(Records drawn from a dataset)

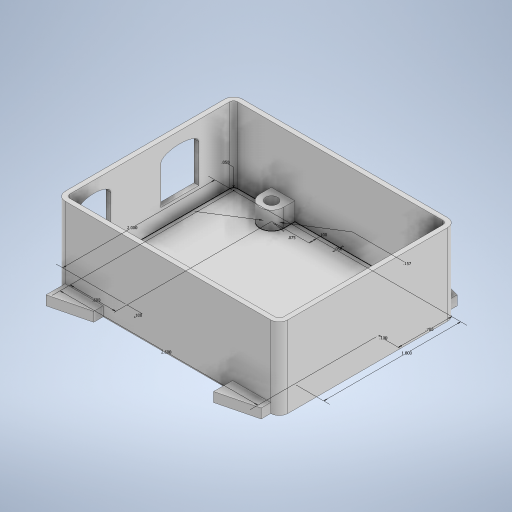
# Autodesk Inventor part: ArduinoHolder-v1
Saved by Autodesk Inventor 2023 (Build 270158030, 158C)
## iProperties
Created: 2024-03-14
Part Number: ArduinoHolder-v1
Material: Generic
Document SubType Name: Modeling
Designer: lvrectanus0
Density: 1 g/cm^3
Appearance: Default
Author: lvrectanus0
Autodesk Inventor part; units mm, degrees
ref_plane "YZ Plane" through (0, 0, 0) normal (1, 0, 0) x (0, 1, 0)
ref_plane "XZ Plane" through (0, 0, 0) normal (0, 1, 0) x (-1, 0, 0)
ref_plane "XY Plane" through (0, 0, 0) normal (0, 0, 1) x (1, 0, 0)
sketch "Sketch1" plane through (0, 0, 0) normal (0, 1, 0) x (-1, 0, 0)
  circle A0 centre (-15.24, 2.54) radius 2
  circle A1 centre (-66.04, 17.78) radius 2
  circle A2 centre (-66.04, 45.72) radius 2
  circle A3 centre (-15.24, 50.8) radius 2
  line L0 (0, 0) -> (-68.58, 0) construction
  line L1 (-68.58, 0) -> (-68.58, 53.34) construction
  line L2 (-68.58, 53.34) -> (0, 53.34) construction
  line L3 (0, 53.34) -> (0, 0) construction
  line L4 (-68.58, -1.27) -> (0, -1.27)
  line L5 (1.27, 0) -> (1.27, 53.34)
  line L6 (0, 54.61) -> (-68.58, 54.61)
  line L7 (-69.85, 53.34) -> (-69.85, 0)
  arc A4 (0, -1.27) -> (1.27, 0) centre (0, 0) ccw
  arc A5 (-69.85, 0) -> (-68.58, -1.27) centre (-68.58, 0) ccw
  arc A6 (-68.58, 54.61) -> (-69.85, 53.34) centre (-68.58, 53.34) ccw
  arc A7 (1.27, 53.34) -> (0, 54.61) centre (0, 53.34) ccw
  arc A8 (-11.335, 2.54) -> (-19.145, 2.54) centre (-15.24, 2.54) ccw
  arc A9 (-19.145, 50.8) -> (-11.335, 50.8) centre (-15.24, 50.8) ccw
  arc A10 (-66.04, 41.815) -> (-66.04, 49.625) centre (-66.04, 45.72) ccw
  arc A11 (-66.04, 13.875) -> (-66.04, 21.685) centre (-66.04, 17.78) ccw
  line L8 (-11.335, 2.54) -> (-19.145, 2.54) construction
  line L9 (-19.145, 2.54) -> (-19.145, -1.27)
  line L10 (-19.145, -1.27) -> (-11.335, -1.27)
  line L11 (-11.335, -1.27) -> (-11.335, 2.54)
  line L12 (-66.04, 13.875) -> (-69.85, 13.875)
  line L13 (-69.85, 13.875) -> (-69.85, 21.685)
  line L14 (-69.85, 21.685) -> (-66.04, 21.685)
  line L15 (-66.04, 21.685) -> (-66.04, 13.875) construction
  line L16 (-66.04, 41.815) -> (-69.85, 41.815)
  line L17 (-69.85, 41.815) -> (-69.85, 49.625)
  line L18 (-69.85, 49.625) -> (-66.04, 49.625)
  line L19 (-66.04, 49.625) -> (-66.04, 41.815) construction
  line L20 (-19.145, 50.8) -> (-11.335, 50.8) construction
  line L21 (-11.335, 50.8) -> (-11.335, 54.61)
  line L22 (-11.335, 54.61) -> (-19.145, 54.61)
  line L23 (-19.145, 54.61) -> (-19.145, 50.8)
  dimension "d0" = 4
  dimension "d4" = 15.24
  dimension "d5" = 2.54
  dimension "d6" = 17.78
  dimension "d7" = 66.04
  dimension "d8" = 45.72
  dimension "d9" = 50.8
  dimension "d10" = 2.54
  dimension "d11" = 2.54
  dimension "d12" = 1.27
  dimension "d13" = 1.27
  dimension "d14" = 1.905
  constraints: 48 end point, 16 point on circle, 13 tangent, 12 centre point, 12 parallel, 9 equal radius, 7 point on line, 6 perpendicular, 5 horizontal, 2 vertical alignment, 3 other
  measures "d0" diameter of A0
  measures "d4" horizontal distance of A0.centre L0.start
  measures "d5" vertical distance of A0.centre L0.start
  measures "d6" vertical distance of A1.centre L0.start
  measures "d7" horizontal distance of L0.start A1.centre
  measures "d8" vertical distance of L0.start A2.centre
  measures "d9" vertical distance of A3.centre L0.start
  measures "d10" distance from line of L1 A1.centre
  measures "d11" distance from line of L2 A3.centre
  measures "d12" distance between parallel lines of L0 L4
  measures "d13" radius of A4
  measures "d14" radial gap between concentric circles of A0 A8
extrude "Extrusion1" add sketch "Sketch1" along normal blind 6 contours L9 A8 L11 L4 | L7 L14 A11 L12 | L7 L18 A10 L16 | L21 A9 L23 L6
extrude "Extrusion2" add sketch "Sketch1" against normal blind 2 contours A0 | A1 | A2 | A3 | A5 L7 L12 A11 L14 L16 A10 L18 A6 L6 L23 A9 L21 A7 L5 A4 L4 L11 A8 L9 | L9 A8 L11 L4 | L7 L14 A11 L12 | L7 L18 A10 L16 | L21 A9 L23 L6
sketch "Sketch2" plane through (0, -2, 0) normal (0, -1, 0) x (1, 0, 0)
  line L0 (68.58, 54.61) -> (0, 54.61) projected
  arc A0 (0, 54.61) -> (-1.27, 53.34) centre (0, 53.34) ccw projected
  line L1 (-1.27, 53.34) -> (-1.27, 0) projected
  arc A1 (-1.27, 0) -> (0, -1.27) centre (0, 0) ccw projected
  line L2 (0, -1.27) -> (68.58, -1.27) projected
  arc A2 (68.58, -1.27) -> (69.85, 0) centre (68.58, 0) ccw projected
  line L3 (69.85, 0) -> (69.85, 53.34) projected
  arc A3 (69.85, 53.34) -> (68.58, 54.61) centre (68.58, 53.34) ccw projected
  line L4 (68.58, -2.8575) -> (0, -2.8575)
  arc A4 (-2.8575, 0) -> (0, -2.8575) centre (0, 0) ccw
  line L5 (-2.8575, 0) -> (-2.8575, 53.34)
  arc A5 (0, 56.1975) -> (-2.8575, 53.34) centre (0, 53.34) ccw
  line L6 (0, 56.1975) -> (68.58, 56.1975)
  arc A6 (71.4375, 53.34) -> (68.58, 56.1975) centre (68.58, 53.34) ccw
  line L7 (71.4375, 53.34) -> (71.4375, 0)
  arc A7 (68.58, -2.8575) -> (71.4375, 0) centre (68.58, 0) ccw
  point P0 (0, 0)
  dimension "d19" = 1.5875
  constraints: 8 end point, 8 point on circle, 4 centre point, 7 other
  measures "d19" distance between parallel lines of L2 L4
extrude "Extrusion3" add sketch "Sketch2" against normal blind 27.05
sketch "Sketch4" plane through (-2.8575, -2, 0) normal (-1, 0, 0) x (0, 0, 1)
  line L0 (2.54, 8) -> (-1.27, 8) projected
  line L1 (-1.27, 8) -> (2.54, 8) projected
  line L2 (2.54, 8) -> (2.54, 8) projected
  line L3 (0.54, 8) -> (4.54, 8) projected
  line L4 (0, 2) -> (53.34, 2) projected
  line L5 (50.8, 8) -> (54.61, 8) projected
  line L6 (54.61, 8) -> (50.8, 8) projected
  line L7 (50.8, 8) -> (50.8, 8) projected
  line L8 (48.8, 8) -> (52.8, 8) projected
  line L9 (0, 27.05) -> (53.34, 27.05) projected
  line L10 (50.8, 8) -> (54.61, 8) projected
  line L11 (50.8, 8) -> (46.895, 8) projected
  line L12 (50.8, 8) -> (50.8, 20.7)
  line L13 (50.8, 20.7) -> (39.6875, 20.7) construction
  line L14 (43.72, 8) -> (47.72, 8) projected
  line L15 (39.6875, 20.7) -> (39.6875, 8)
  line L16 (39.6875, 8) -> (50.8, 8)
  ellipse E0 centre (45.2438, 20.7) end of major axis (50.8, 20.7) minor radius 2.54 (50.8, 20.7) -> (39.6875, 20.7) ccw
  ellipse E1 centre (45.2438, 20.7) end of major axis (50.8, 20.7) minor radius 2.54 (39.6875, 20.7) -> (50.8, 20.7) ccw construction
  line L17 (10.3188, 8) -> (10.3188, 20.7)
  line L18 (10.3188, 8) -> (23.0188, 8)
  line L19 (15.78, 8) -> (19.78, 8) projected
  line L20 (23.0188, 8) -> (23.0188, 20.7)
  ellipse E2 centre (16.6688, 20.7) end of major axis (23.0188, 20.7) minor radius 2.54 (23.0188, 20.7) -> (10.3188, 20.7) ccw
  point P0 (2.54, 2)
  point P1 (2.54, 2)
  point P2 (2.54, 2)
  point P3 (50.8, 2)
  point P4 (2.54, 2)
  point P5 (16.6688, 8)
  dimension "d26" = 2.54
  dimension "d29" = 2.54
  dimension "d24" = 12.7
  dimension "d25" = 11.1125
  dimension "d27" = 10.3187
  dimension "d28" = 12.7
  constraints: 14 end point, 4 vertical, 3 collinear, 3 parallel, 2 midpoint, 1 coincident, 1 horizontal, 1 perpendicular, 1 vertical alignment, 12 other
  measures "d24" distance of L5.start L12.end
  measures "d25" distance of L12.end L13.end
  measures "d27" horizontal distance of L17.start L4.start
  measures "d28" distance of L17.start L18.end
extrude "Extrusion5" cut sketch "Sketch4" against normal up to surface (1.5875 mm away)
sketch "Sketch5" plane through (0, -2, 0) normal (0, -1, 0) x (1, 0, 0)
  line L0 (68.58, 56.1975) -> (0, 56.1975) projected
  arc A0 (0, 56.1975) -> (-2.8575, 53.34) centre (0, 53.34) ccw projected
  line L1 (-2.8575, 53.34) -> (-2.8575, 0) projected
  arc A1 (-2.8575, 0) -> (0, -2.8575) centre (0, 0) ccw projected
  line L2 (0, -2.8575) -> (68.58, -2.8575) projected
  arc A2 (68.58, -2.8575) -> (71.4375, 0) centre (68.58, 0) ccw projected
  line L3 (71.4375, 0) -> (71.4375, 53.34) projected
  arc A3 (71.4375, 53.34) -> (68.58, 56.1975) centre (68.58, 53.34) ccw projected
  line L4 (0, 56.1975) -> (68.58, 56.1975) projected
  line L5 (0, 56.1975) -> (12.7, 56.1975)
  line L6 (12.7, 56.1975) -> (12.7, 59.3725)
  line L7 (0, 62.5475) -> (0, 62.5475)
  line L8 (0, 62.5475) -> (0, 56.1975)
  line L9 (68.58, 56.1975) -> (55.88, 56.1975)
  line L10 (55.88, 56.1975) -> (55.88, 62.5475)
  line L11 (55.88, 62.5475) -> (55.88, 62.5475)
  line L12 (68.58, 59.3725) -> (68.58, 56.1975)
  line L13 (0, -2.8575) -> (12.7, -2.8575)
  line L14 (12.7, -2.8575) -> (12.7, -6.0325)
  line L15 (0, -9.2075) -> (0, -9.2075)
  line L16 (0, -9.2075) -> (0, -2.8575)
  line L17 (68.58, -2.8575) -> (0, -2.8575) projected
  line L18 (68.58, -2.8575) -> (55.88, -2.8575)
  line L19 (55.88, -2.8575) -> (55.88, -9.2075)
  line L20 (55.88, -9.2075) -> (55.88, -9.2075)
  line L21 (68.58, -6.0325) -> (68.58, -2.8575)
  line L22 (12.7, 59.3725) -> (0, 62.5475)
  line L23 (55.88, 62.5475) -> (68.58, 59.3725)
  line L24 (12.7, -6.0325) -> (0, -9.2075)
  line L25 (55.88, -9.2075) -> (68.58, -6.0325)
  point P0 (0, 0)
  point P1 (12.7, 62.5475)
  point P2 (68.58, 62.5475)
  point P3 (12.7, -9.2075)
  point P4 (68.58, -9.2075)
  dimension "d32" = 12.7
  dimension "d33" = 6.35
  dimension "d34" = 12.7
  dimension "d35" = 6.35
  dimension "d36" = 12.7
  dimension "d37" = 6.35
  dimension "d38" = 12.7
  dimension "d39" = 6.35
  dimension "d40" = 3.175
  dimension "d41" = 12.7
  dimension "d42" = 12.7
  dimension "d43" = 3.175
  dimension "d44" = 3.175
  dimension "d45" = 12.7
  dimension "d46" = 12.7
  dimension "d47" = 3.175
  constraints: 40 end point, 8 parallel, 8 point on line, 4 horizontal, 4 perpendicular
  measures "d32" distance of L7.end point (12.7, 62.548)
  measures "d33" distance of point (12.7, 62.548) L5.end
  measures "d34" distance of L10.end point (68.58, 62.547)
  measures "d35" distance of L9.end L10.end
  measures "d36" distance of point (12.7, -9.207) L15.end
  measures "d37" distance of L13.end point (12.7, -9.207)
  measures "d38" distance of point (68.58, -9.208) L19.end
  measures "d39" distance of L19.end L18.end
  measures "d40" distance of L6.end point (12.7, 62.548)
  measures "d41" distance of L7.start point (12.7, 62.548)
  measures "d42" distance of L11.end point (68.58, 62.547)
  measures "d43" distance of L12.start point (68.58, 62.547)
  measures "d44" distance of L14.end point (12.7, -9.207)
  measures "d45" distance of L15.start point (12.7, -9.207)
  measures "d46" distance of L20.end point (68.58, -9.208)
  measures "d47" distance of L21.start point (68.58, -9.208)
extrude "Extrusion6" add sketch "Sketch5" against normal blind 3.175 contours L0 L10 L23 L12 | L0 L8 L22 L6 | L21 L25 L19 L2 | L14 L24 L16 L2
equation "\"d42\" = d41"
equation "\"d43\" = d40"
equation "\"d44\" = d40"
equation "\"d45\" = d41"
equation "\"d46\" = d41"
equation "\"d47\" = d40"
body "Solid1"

- _Task brief_
From the data above, return every line from the line that has "line L4 (68.58, -2.8575) -> (0, -2.8575)" up to and including the line that has "line L4 (0, 2) -> (53.34, 2) projected", exactly.

- _Answer section_
  line L4 (68.58, -2.8575) -> (0, -2.8575)
  arc A4 (-2.8575, 0) -> (0, -2.8575) centre (0, 0) ccw
  line L5 (-2.8575, 0) -> (-2.8575, 53.34)
  arc A5 (0, 56.1975) -> (-2.8575, 53.34) centre (0, 53.34) ccw
  line L6 (0, 56.1975) -> (68.58, 56.1975)
  arc A6 (71.4375, 53.34) -> (68.58, 56.1975) centre (68.58, 53.34) ccw
  line L7 (71.4375, 53.34) -> (71.4375, 0)
  arc A7 (68.58, -2.8575) -> (71.4375, 0) centre (68.58, 0) ccw
  point P0 (0, 0)
  dimension "d19" = 1.5875
  constraints: 8 end point, 8 point on circle, 4 centre point, 7 other
  measures "d19" distance between parallel lines of L2 L4
extrude "Extrusion3" add sketch "Sketch2" against normal blind 27.05
sketch "Sketch4" plane through (-2.8575, -2, 0) normal (-1, 0, 0) x (0, 0, 1)
  line L0 (2.54, 8) -> (-1.27, 8) projected
  line L1 (-1.27, 8) -> (2.54, 8) projected
  line L2 (2.54, 8) -> (2.54, 8) projected
  line L3 (0.54, 8) -> (4.54, 8) projected
  line L4 (0, 2) -> (53.34, 2) projected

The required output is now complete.